EID3 as A Potential Drug Target for Cancer and Neurodegenerative Diseases

The endoplasmic reticulum (ER) is a membrane-wrapped organelle whose main function is to transport proteins into the cell interior for modification and secretion. However, in some diseases, the ER membrane will proliferate abnormally, leading to the occurrence of various diseases, such as cancer, neurodegenerative diseases, etc. In addition, overactive ER may also be a target of certain drugs. Therefore, studying ER and its related molecular mechanisms has important biological and medical value.

EID3_HUMAN: a potential drug target

EID3 (endoplasmic reticulum-associated protein 3) is a protein with high expression in mammals. Its full-length code is 21 kDa and it is a member of the conserved ER protein family. EID3 is mainly located on the ER membrane in cells and is responsible for participating in the structure and function of the ER. Studies have found that EID3 is up-regulated in a variety of cancers and is related to tumor invasion and metastasis. Therefore, EID3 is considered a potential drug target.

First, the relationship between EID3 and cancer is supported by clinical experiments. Studies have found that the expression level of EID3 is positively correlated with the prognosis of various cancers, such as lung cancer, liver cancer, breast cancer, etc.

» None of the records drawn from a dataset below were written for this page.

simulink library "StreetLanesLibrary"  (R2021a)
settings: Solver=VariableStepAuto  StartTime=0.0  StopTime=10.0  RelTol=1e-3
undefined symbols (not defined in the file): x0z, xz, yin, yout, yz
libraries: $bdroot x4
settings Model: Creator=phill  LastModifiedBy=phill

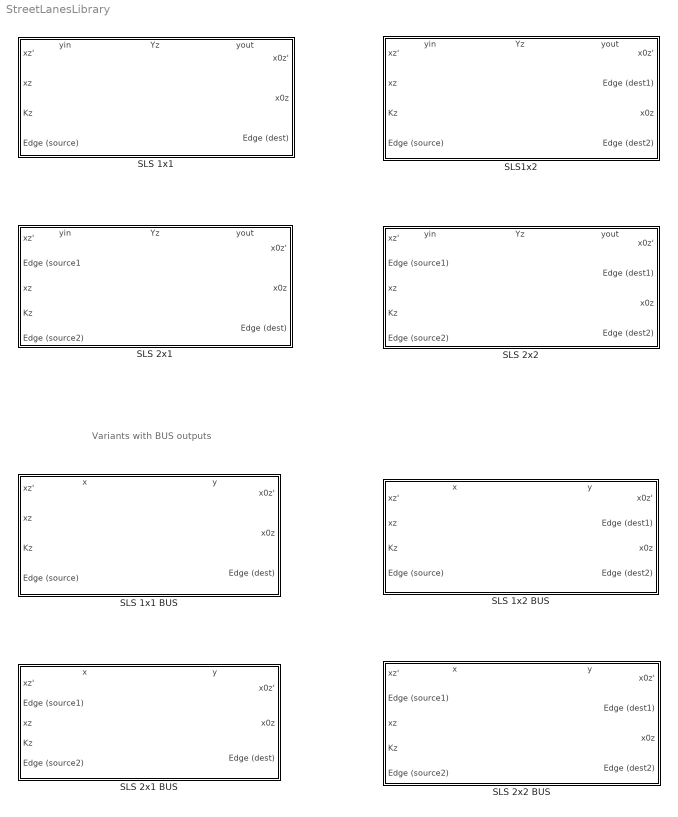
== system StreetLanesLibrary ==
  note: Variants with BUS outputs
  SLS 1x1 : Subsystem  mask{Kz=0, Tz=0}
      mask prompts: Kz "Kz (Capacity - How many cars fit into this cell)"; Tz "Tz (Nominal travel time for vehicles traveling unobstructed through the cell)"
      mask help:
      | This Block models a single Street-Lane capable of holding / transducing cars (or at least "car volume units") as a cell. This 1x1 version It is connected to a single source edge (over which it can receive cars from a preceeding cell) and a single destination edge (over which it can lose cars to the succeeding cell).  It has a capacity (how many volume-units of cars can be present on the segment at a given time) and a nominal travel time (how long cars would need to travel through it unobstructed). The outputs are:
      |
      | x0z  : how many cars (in car volume units) are "at the end of the cell" (and thus visible for the destination-edge  or the following cell).  The value can only rise if more cars flow in (mind the delay Tz!) than flow out - for instance if a traffic light blocks the exit.
      | x0z' : the rate of change for the number of cars "at the end of the cell". Will be positive when more cars arrive than drive out, and negative when more cars leave it.
      | xz    : how many cars are in the cell in total (both the ones who just entered and have not reached the end yet, as well as the ones at the end)
      | xz'   : how many cars are flowing into- (positive sign) or out of (negative) the cell per time
      | yz    : the internal flow - how many cars pass into the "endpart" of a cell. It is delayed by Tz compared to the incoming flow y_incoming, so any cars that enter a cell will only "appear visible" at the end of it after that time Tz.
      | yin : the total flow of cars into the cell
      | yout : the total flow of cars out of the cell
      settings: PortSchema="{\"entries\":[{\"content\":{\"sides\":[{\"content\":{\"connectorIds\":[\"Out6\",\"Out7\",\"Out8\",\"In1\"]},\"type\":\"ConnectorPlacement.EquallySpacedRectSide\",\"uuid\":\"b56112e8-b85b-4d96-b16e-87da935c2eb5\"},{\"content\":{\"connectorIds\":[\"Out1\",\"Out2\",\"In2\"],\"side\":\"RIGHT\"},\"type\":\"ConnectorPlacement.EquallySpacedRectSide\",\"uuid\":\"b630fa9f-2c61-4be9-8eda-7801a9181fe6\"},{\"content\":{\"connectorIds\":[\"Out3\",\"Out4\",\"Out5\"],\"side\":\"TOP\"},\"type\":\"ConnectorPlacement.EquallySpacedRectSide\",\"uuid\":\"9228b8fb-3ac5-45dc-984e-353749c7821d\"}]},\"type\":\"ConnectorPlacement.EquallySpacedConnector\",\"uuid\":\"8a64a7aa-d2ee-4eec-8e15-55afacce95b5\"}],\"packageUris\":[\"http://schema.mathworks.com/mf0/Connector/R2020b\"],\"version\":\"1.0\"}"
      mask Display:
      | image('$imagefile'); % Use "Edit Image" on toolstrip to change.
      | %image('$imagefile');
      | disp('Street Lane Segment 1x1 \n\n');
      | disp(['Kz = ', get_param(gcb,'Kz'), ' | Tz = ', get_param(gcb, 'Tz')])
  SLS 1x1 BUS : Subsystem  mask{Kz=0, Tz=0}
      mask prompts: Kz "Kz (Capacity - How many cars fit into this cell)"; Tz "Tz (Nominal travel time for vehicles traveling unobstructed through the cell)"
      mask help:
      | This Block models a single Street-Lane capable of holding / transducing cars (or at least "car volume units") as a cell. This 1x1 version It is connected to a single source edge (over which it can receive cars from a preceeding cell) and a single destination edge (over which it can lose cars to the succeeding cell).  It has a capacity (how many volume-units of cars can be present on the segment at a given time) and a nominal travel time (how long cars would need to travel through it unobstructed). The outputs are:
      |
      | x0z  : how many cars (in car volume units) are "at the end of the cell" (and thus visible for the destination-edge  or the following cell).  The value can only rise if more cars flow in (mind the delay Tz!) than flow out - for instance if a traffic light blocks the exit.
      | x0z' : the rate of change for the number of cars "at the end of the cell". Will be positive when more cars arrive than drive out, and negative when more cars leave it.
      | xz    : how many cars are in the cell in total (both the ones who just entered and have not reached the end yet, as well as the ones at the end)
      | xz'   : how many cars are flowing into- (positive sign) or out of (negative) the cell per time
      | yz    : the internal flow - how many cars pass into the "endpart" of a cell. It is delayed by Tz compared to the incoming flow y_incoming, so any cars that enter a cell will only "appear visible" at the end of it after that time Tz.
      | yin : the total flow of cars into the cell
      | yout : the total flow of cars out of the cell
      settings: PortSchema="{\"entries\":[{\"content\":{\"sides\":[{\"content\":{\"connectorIds\":[\"Out5\",\"Out6\",\"Out7\",\"In1\"]},\"type\":\"ConnectorPlacement.EquallySpacedRectSide\",\"uuid\":\"fa7777a8-ec1a-439f-ac9e-e0ed45345ec6\"},{\"content\":{\"connectorIds\":[\"Out1\",\"Out2\",\"In2\"],\"side\":\"RIGHT\"},\"type\":\"ConnectorPlacement.EquallySpacedRectSide\",\"uuid\":\"1d8f22c6-fff9-419e-a471-d80b757471c2\"},{\"content\":{\"connectorIds\":[\"Out3\",\"Out4\"],\"side\":\"TOP\"},\"type\":\"ConnectorPlacement.EquallySpacedRectSide\",\"uuid\":\"5603a277-4601-4f1d-99e7-cf6c913c8902\"}]},\"type\":\"ConnectorPlacement.EquallySpacedConnector\",\"uuid\":\"948237b2-05cb-41b3-a7da-b6feef56487f\"}],\"packageUris\":[\"http://schema.mathworks.com/mf0/Connector/R2020b\"],\"version\":\"1.0\"}"
      mask Display:
      | image('$imagefile'); % Use "Edit Image" on toolstrip to change.
      | %image('$imagefile');
      | disp('Street Lane Segment 1x1 \n\n');
      | disp(['Kz = ', get_param(gcb,'Kz'), ' | Tz = ', get_param(gcb, 'Tz')])
  SLS 1x2 BUS : Subsystem  mask{Kz=0, Tz=0}
      mask prompts: Kz "Kz (Capacity - How many cars fit into this cell)"; Tz "Tz (Nominal travel time for vehicles traveling unobstructed through the cell)"
      mask help: 1x2 Version of the 1x1 default cell.
      settings: PortSchema="{\"entries\":[{\"content\":{\"sides\":[{\"content\":{\"connectorIds\":[\"Out5\",\"Out6\",\"Out7\",\"In1\"]},\"type\":\"ConnectorPlacement.EquallySpacedRectSide\",\"uuid\":\"95d0121f-acb2-4e25-97c7-15db8ac80d70\"},{\"content\":{\"connectorIds\":[\"Out1\",\"In2\",\"Out2\",\"In3\"],\"side\":\"RIGHT\"},\"type\":\"ConnectorPlacement.EquallySpacedRectSide\",\"uuid\":\"74008a0d-3aff-4b45-b66c-7df902aff109\"},{\"content\":{\"connectorIds\":[\"Out3\",\"Out4\"],\"side\":\"TOP\"},\"type\":\"ConnectorPlacement.EquallySpacedRectSide\",\"uuid\":\"60b01591-4a61-43c7-92fb-9786f4f21d2e\"}]},\"type\":\"ConnectorPlacement.EquallySpacedConnector\",\"uuid\":\"7f6ca8c0-19be-43e0-a232-af4f67956fb4\"}],\"packageUris\":[\"http://schema.mathworks.com/mf0/Connector/R2020b\"],\"version\":\"1.0\"}"
      mask Display:
      | image('$imagefile'); % Use "Edit Image" on toolstrip to change.
      | %image('$imagefile');
      | disp('Street Lane Segment 1x2 \n\n');
      | disp(['Kz = ', get_param(gcb,'Kz'), ' | Tz = ', get_param(gcb, 'Tz')])
  SLS 2x1 : Subsystem  mask{Kz=0, Tz=0}
      mask prompts: Kz "Kz (Capacity - How many cars fit into this cell)"; Tz "Tz (Nominal travel time for vehicles traveling unobstructed through the cell)"
      mask help: The 2x1 version of the basic 1x1 cell
      settings: PortSchema="{\"entries\":[{\"content\":{\"sides\":[{\"content\":{\"connectorIds\":[\"Out6\",\"In1\",\"Out7\",\"Out8\",\"In2\"]},\"type\":\"ConnectorPlacement.EquallySpacedRectSide\",\"uuid\":\"c6485919-43c0-4a3b-9a67-3a50a1748552\"},{\"content\":{\"connectorIds\":[\"Out1\",\"Out2\",\"In3\"],\"side\":\"RIGHT\"},\"type\":\"ConnectorPlacement.EquallySpacedRectSide\",\"uuid\":\"e12fc750-a76b-4a52-a085-56205ebef983\"},{\"content\":{\"connectorIds\":[\"Out3\",\"Out4\",\"Out5\"],\"side\":\"TOP\"},\"type\":\"ConnectorPlacement.EquallySpacedRectSide\",\"uuid\":\"04ec9430-4292-4c0e-9b60-ad78ee5b6ee3\"}]},\"type\":\"ConnectorPlacement.EquallySpacedConnector\",\"uuid\":\"8d657383-4de4-4f3e-906b-2968264a5f3c\"}],\"packageUris\":[\"http://schema.mathworks.com/mf0/Connector/R2020b\"],\"version\":\"1.0\"}"
      mask Display:
      | image('$imagefile'); % Use "Edit Image" on toolstrip to change.
      | %image('$imagefile');
      | disp('Street Lane Segment 2x1 \n\n');
      | disp(['Kz = ', get_param(gcb,'Kz'), ' | Tz = ', get_param(gcb, 'Tz')])
  SLS 2x1 BUS : Subsystem  mask{Kz=0, Tz=0}
      mask prompts: Kz "Kz (Capacity - How many cars fit into this cell)"; Tz "Tz (Nominal travel time for vehicles traveling unobstructed through the cell)"
      mask help: The 2x1 version of the basic 1x1 cell
      settings: PortSchema="{\"entries\":[{\"content\":{\"sides\":[{\"content\":{\"connectorIds\":[\"Out5\",\"In1\",\"Out6\",\"Out7\",\"In2\"]},\"type\":\"ConnectorPlacement.EquallySpacedRectSide\",\"uuid\":\"95d0121f-acb2-4e25-97c7-15db8ac80d70\"},{\"content\":{\"connectorIds\":[\"Out1\",\"Out2\",\"In3\"],\"side\":\"RIGHT\"},\"type\":\"ConnectorPlacement.EquallySpacedRectSide\",\"uuid\":\"74008a0d-3aff-4b45-b66c-7df902aff109\"},{\"content\":{\"connectorIds\":[\"Out3\",\"Out4\"],\"side\":\"TOP\"},\"type\":\"ConnectorPlacement.EquallySpacedRectSide\",\"uuid\":\"60b01591-4a61-43c7-92fb-9786f4f21d2e\"}]},\"type\":\"ConnectorPlacement.EquallySpacedConnector\",\"uuid\":\"7f6ca8c0-19be-43e0-a232-af4f67956fb4\"}],\"packageUris\":[\"http://schema.mathworks.com/mf0/Connector/R2020b\"],\"version\":\"1.0\"}"
      mask Display:
      | image('$imagefile'); % Use "Edit Image" on toolstrip to change.
      | disp('Street Lane Segment 2x1 \n\n');
      | disp(['Kz = ', get_param(gcb,'Kz'), ' | Tz = ', get_param(gcb, 'Tz')])
  SLS 2x2 : Subsystem  mask{Kz=0, Tz=0}
      mask prompts: Kz "Kz (Capacity - How many cars fit into this cell)"; Tz "Tz (Nominal travel time for vehicles traveling unobstructed through the cell)"
      settings: PortSchema="{\"entries\":[{\"content\":{\"sides\":[{\"content\":{\"connectorIds\":[\"Out6\",\"In1\",\"Out7\",\"Out8\",\"In2\"]},\"type\":\"ConnectorPlacement.EquallySpacedRectSide\",\"uuid\":\"25df2790-c866-41ff-9dfe-266b31cf62ba\"},{\"content\":{\"connectorIds\":[\"Out1\",\"In3\",\"Out2\",\"In4\"],\"side\":\"RIGHT\"},\"type\":\"ConnectorPlacement.EquallySpacedRectSide\",\"uuid\":\"25d72334-2b21-4272-a907-00400a727cc8\"},{\"content\":{\"connectorIds\":[\"Out3\",\"Out4\",\"Out5\"],\"side\":\"TOP\"},\"type\":\"ConnectorPlacement.EquallySpacedRectSide\",\"uuid\":\"016a1f1d-ac45-4b29-877f-ff17231147ed\"}]},\"type\":\"ConnectorPlacement.EquallySpacedConnector\",\"uuid\":\"d9a39936-9630-4e37-953d-f1129270bc17\"}],\"packageUris\":[\"http://schema.mathworks.com/mf0/Connector/R2020b\"],\"version\":\"1.0\"}"
      mask Display:
      | image('$imagefile'); % Use "Edit Image" on toolstrip to change.
      | %image('$imagefile');
      | disp('Street Lane Segment 2x2 \n\n');
      | disp(['Kz = ', get_param(gcb,'Kz'), ' | Tz = ', get_param(gcb, 'Tz')])
  SLS 2x2 BUS : Subsystem  mask{Kz=0, Tz=0}
      mask prompts: Kz "Kz (Capacity - How many cars fit into this cell)"; Tz "Tz (Nominal travel time for vehicles traveling unobstructed through the cell)"
      mask help: The 2x2 extension to the basic cell.
      settings: PortSchema="{\"entries\":[{\"content\":{\"sides\":[{\"content\":{\"connectorIds\":[\"Out5\",\"In1\",\"Out6\",\"Out7\",\"In2\"]},\"type\":\"ConnectorPlacement.EquallySpacedRectSide\",\"uuid\":\"0d72bc7f-f65e-4e07-ad8f-8c66e41d5ec5\"},{\"content\":{\"connectorIds\":[\"Out1\",\"In3\",\"Out2\",\"In4\"],\"side\":\"RIGHT\"},\"type\":\"ConnectorPlacement.EquallySpacedRectSide\",\"uuid\":\"af462cdf-0fa0-460f-8030-ea00e806c044\"},{\"content\":{\"connectorIds\":[\"Out3\",\"Out4\"],\"side\":\"TOP\"},\"type\":\"ConnectorPlacement.EquallySpacedRectSide\",\"uuid\":\"2548bddb-6962-4693-916e-1100869f2661\"}]},\"type\":\"ConnectorPlacement.EquallySpacedConnector\",\"uuid\":\"37811e3d-8b76-462d-b137-4aea1b95b5f4\"}],\"packageUris\":[\"http://schema.mathworks.com/mf0/Connector/R2020b\"],\"version\":\"1.0\"}"
      mask Display:
      | image('$imagefile'); % Use "Edit Image" on toolstrip to change.
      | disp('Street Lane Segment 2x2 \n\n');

In addition, the expression level of EID3 is also closely related to the invasion and metastasis ability of tumors. Therefore, EID3 is considered an important target in cancer therapy.

Secondly, the biological function of EID3 also supports its value as a drug target. EID3 is a transmembrane protein with abundant conserved functional domains on the ER membrane. These functional domains include an N-terminal 伪-helix, a central 尾-sheet, and a C-terminal domain. The N-terminal 伪-helix of EID3 has a special structure that allows it to interact with certain drugs, such as anti-tumor drugs. In addition, the central 尾-page and C-terminal domain of EID3 also have multiple functions, such as participating in signal transmission, cell adhesion, etc. Changes in these functional domains may lead to functional imbalance of EID3 and provide new targets for drug development.

Third, the pharmacological properties of EID3 also support its value as a drug target. Currently, a variety of drugs that inhibit EID3 expression have entered clinical research. These drugs include inhibitor of nuclear import (INI), DNA-binding inhibitor (DBI), and small molecule inhibitor. While inhibiting the expression of EID3, these drugs maintain the balance of other normal cell functions and reduce the toxic and side effects of the drugs.

Finally, the research prospects of EID3 as a drug target are also quite broad. With the development of molecular biology technology, more and more studies have discovered the function and mechanism of EID3 in cancer, neurodegenerative diseases and other fields. These studies provide an important theoretical basis for screening drug targets. At the same time, drug development based on EID3 will also bring new hope for clinical treatment.

in conclusion

EID3 is a protein with high expression in mammals. Its expression is up-regulated in a variety of cancers and is closely related to tumor invasion and metastasis. In addition, EID3 is also related to the functional and pharmacological properties of drug targets. Therefore, EID3 is a potential drug target with broad prospects for clinical application. Future research should further explore the functional mechanism of EID3 in cancer and other fields to bring new breakthroughs in clinical treatment.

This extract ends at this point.